Work item =>
Everything below from the line with "#306=CARTESIAN_POINT('',(-16.5,0.,-50.));" to the last line, both included, is to be written out exactly, with nothing added.

───── Records for this exercise ─────

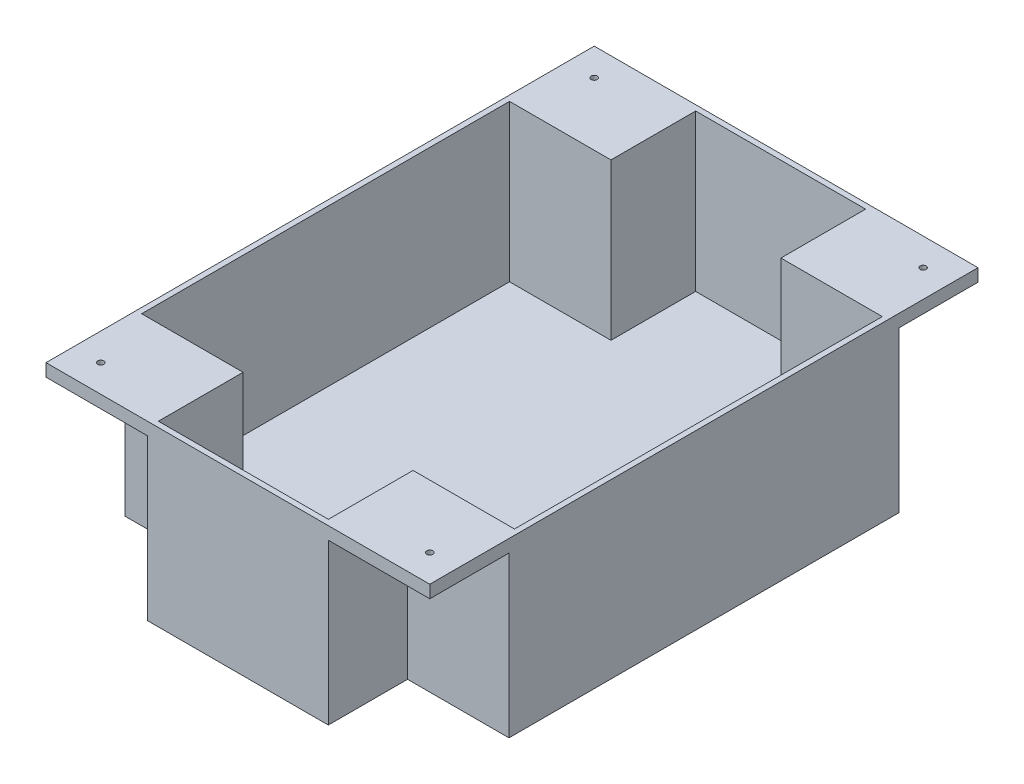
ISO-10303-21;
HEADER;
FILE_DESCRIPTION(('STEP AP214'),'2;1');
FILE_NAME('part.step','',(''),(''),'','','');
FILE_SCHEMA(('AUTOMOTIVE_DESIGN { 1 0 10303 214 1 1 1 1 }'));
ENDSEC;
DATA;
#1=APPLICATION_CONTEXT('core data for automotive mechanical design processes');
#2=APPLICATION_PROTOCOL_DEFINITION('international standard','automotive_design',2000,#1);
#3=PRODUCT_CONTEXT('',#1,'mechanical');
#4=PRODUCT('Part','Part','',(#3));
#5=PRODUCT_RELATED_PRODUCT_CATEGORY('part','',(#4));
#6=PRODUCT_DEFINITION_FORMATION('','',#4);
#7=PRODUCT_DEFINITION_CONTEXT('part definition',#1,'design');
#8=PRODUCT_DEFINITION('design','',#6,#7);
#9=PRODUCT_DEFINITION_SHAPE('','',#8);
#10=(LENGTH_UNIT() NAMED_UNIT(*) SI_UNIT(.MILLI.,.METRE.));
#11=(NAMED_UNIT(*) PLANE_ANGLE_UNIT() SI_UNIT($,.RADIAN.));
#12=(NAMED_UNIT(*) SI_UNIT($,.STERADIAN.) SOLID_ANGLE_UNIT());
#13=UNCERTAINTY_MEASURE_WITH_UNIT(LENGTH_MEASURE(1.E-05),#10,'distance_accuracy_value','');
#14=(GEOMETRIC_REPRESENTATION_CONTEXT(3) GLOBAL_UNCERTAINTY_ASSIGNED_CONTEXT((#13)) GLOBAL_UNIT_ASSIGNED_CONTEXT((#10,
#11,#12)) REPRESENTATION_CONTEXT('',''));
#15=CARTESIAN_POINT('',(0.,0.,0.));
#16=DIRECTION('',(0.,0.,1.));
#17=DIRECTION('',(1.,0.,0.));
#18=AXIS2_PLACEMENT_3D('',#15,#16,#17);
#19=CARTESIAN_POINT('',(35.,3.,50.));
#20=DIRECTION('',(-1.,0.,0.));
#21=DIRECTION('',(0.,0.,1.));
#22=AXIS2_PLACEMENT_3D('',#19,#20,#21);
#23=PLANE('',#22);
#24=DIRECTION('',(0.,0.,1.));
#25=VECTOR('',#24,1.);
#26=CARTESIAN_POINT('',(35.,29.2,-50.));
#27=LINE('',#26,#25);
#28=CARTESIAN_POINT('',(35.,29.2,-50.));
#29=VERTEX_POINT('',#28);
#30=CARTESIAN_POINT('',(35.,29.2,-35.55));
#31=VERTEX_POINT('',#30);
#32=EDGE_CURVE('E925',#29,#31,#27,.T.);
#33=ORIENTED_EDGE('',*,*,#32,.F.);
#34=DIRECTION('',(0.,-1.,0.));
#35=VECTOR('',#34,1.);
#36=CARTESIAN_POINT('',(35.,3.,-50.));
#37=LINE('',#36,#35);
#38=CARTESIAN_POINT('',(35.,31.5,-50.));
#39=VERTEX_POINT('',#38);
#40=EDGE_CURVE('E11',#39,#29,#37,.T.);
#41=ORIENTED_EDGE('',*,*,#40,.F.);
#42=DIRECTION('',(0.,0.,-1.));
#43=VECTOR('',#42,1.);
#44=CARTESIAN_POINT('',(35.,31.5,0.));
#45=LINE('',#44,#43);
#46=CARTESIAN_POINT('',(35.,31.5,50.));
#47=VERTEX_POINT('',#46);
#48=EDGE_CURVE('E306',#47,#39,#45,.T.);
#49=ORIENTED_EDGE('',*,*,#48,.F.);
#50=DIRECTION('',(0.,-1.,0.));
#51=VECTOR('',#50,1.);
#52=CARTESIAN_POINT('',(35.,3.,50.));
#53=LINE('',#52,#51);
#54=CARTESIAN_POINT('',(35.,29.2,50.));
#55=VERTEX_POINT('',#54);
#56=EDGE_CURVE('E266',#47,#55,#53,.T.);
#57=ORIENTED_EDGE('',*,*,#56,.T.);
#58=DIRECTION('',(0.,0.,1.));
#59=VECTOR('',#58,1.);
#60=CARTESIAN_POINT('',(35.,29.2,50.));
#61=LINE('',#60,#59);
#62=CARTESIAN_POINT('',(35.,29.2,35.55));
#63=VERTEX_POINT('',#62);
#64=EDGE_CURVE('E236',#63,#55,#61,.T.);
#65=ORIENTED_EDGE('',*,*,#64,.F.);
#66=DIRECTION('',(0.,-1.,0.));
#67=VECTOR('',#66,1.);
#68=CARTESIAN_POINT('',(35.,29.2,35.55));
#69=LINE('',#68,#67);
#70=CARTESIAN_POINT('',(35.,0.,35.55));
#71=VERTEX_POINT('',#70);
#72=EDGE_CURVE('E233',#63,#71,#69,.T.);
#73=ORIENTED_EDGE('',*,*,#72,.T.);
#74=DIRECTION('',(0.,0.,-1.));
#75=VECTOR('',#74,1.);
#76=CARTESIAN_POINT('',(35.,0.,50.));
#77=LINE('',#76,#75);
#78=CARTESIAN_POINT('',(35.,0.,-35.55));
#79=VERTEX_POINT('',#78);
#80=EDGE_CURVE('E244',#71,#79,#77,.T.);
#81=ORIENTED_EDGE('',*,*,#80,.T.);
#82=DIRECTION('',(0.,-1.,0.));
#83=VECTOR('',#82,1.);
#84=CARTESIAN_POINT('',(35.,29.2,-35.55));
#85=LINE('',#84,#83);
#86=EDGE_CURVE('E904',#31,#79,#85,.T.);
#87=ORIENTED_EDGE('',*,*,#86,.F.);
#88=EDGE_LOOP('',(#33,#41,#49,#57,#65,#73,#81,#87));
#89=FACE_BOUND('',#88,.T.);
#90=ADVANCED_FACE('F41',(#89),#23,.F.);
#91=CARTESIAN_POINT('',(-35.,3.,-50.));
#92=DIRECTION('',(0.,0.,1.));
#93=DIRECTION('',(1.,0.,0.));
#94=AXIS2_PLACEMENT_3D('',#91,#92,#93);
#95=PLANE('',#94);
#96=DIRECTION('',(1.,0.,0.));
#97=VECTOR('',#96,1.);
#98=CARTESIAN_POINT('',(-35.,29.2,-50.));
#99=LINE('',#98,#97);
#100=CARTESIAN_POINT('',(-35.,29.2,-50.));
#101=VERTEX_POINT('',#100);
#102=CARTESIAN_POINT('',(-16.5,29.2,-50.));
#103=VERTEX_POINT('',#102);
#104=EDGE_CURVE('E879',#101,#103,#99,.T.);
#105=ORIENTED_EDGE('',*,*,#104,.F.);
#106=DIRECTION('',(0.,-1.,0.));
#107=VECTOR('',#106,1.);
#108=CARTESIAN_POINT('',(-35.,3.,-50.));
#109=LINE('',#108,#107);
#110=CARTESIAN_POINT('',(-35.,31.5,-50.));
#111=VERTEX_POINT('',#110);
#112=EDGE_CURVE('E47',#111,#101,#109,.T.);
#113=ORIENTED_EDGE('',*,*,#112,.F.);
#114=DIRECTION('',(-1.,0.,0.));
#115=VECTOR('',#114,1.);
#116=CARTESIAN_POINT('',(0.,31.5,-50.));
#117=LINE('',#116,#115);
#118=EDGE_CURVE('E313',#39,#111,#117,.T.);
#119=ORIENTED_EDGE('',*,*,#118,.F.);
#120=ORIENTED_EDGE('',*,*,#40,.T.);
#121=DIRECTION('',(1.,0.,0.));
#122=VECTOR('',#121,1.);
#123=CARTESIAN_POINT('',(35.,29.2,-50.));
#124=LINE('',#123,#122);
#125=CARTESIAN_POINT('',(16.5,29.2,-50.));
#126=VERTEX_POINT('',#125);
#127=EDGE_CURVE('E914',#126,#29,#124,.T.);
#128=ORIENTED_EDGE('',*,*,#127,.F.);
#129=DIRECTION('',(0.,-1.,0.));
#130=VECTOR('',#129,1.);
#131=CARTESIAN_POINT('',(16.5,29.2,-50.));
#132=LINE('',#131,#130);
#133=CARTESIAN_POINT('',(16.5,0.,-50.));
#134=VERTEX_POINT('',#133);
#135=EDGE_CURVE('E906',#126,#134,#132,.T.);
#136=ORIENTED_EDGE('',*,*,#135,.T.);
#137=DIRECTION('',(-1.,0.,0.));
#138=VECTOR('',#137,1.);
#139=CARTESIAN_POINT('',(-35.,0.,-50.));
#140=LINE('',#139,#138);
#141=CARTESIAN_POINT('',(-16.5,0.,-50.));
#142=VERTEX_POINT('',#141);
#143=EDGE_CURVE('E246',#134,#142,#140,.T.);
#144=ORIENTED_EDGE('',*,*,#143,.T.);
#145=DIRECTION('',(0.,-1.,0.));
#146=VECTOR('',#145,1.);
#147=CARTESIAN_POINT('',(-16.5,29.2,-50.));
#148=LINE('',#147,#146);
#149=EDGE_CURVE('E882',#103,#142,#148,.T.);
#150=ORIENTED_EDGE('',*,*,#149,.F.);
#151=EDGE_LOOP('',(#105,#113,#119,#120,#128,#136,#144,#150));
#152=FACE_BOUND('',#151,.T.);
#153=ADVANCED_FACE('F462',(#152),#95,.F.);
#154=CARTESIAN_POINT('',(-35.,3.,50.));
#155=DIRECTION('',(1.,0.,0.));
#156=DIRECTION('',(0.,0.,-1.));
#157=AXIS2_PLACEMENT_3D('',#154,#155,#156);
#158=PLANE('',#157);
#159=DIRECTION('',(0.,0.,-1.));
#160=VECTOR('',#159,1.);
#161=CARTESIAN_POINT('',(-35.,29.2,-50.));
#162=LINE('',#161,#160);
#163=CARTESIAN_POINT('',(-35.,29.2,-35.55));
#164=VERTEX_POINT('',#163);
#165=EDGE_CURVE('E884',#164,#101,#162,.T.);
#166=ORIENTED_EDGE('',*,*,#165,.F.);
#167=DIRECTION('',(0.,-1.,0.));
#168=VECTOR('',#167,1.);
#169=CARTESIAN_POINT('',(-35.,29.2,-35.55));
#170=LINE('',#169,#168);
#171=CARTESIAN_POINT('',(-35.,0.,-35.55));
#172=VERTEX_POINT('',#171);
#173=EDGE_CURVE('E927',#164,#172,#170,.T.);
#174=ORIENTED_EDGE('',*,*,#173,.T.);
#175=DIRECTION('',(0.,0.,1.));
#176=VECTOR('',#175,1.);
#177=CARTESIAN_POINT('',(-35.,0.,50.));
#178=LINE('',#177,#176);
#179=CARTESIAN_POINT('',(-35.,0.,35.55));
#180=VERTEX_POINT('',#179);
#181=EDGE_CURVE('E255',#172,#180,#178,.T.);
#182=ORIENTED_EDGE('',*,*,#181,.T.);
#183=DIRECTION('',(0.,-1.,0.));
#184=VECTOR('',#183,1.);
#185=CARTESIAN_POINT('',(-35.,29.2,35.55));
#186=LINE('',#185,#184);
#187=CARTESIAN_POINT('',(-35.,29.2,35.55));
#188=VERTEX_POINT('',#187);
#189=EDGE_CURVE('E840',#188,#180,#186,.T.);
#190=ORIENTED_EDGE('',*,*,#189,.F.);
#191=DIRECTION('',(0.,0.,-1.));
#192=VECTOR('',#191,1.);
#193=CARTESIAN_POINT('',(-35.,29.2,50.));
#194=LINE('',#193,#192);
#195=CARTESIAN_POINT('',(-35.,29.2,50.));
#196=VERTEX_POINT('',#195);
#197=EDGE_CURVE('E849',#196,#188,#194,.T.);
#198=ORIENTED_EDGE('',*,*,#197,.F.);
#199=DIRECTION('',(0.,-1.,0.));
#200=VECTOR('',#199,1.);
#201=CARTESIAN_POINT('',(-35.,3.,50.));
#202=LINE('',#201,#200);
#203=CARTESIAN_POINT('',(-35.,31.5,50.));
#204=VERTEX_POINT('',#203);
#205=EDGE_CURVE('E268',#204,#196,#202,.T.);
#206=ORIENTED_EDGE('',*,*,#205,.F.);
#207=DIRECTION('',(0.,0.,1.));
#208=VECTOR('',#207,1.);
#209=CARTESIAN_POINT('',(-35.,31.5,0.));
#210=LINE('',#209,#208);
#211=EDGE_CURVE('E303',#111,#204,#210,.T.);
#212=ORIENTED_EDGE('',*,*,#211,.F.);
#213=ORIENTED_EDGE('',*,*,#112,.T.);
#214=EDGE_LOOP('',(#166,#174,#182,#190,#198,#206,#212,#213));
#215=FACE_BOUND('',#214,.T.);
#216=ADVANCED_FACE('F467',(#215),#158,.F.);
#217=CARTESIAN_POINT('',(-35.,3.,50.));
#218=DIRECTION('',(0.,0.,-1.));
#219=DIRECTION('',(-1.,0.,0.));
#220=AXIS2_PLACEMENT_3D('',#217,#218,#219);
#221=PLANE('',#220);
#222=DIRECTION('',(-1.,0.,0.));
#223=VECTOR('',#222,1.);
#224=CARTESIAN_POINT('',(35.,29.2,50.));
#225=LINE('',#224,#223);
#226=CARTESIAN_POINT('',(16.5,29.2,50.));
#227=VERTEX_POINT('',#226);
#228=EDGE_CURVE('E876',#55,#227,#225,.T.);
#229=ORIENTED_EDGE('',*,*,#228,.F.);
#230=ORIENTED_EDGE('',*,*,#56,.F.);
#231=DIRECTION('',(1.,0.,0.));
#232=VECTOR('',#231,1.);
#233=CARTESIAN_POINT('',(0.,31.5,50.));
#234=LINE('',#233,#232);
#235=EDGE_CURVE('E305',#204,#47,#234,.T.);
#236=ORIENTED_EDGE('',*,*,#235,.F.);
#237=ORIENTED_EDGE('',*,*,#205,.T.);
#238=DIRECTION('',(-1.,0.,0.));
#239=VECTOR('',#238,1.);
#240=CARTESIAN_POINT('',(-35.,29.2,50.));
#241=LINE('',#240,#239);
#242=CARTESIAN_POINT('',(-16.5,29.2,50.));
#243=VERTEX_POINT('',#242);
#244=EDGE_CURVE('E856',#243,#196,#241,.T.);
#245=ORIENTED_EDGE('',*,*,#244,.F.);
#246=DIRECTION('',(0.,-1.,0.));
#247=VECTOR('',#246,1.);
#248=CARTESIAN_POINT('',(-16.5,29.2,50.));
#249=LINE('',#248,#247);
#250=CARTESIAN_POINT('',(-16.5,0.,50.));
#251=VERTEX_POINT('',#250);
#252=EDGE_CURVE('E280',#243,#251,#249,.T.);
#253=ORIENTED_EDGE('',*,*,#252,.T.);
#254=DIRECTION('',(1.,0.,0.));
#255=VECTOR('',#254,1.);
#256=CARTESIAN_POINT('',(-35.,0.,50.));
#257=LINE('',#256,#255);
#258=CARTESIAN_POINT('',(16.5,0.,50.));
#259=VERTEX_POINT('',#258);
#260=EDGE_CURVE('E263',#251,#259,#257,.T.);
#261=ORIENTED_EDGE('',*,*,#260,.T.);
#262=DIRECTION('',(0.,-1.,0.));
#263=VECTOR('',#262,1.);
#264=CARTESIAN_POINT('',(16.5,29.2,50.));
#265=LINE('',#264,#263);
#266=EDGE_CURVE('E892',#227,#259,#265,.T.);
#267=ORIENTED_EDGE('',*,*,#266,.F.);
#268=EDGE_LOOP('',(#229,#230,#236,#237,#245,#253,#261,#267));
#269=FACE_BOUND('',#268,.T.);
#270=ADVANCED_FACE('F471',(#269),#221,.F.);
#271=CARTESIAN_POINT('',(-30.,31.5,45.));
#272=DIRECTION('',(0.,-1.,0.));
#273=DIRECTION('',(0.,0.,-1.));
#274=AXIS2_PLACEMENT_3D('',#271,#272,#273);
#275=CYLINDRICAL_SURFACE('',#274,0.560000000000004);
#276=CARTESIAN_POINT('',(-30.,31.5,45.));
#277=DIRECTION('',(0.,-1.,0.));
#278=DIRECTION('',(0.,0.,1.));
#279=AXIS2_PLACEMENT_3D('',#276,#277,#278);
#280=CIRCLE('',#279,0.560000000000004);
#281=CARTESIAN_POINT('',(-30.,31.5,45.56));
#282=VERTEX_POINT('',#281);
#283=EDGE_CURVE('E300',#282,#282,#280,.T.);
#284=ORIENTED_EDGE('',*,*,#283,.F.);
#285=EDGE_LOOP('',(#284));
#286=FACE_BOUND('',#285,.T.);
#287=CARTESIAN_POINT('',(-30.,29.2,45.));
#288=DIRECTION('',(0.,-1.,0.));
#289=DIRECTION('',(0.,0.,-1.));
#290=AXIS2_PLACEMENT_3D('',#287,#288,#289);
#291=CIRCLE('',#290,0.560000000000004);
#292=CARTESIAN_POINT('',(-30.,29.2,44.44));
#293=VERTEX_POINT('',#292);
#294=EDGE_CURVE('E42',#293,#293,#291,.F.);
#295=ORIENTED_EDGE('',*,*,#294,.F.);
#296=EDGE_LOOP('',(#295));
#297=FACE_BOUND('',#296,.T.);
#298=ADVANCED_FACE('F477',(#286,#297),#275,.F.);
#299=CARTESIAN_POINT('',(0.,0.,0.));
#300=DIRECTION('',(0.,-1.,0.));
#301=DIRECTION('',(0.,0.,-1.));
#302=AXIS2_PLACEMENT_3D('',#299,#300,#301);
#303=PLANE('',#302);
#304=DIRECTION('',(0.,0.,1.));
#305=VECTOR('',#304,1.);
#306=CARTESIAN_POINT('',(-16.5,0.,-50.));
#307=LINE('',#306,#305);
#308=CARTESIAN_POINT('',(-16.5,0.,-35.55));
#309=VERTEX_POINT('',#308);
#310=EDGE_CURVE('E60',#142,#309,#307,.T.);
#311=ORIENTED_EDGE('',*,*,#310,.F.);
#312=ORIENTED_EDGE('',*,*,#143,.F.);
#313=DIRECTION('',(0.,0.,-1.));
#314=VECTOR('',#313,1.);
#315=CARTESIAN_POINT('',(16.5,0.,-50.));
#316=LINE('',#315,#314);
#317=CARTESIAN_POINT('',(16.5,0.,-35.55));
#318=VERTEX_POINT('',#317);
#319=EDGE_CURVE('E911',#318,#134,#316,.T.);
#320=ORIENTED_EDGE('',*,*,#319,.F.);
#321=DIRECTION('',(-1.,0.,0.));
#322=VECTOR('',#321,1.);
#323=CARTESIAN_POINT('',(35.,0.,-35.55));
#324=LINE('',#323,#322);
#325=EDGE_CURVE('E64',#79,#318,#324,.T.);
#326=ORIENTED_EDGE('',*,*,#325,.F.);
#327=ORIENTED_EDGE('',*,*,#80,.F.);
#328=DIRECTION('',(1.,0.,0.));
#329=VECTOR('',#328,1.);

─────

Answer box =>
#306=CARTESIAN_POINT('',(-16.5,0.,-50.));
#307=LINE('',#306,#305);
#308=CARTESIAN_POINT('',(-16.5,0.,-35.55));
#309=VERTEX_POINT('',#308);
#310=EDGE_CURVE('E60',#142,#309,#307,.T.);
#311=ORIENTED_EDGE('',*,*,#310,.F.);
#312=ORIENTED_EDGE('',*,*,#143,.F.);
#313=DIRECTION('',(0.,0.,-1.));
#314=VECTOR('',#313,1.);
#315=CARTESIAN_POINT('',(16.5,0.,-50.));
#316=LINE('',#315,#314);
#317=CARTESIAN_POINT('',(16.5,0.,-35.55));
#318=VERTEX_POINT('',#317);
#319=EDGE_CURVE('E911',#318,#134,#316,.T.);
#320=ORIENTED_EDGE('',*,*,#319,.F.);
#321=DIRECTION('',(-1.,0.,0.));
#322=VECTOR('',#321,1.);
#323=CARTESIAN_POINT('',(35.,0.,-35.55));
#324=LINE('',#323,#322);
#325=EDGE_CURVE('E64',#79,#318,#324,.T.);
#326=ORIENTED_EDGE('',*,*,#325,.F.);
#327=ORIENTED_EDGE('',*,*,#80,.F.);
#328=DIRECTION('',(1.,0.,0.));
#329=VECTOR('',#328,1.);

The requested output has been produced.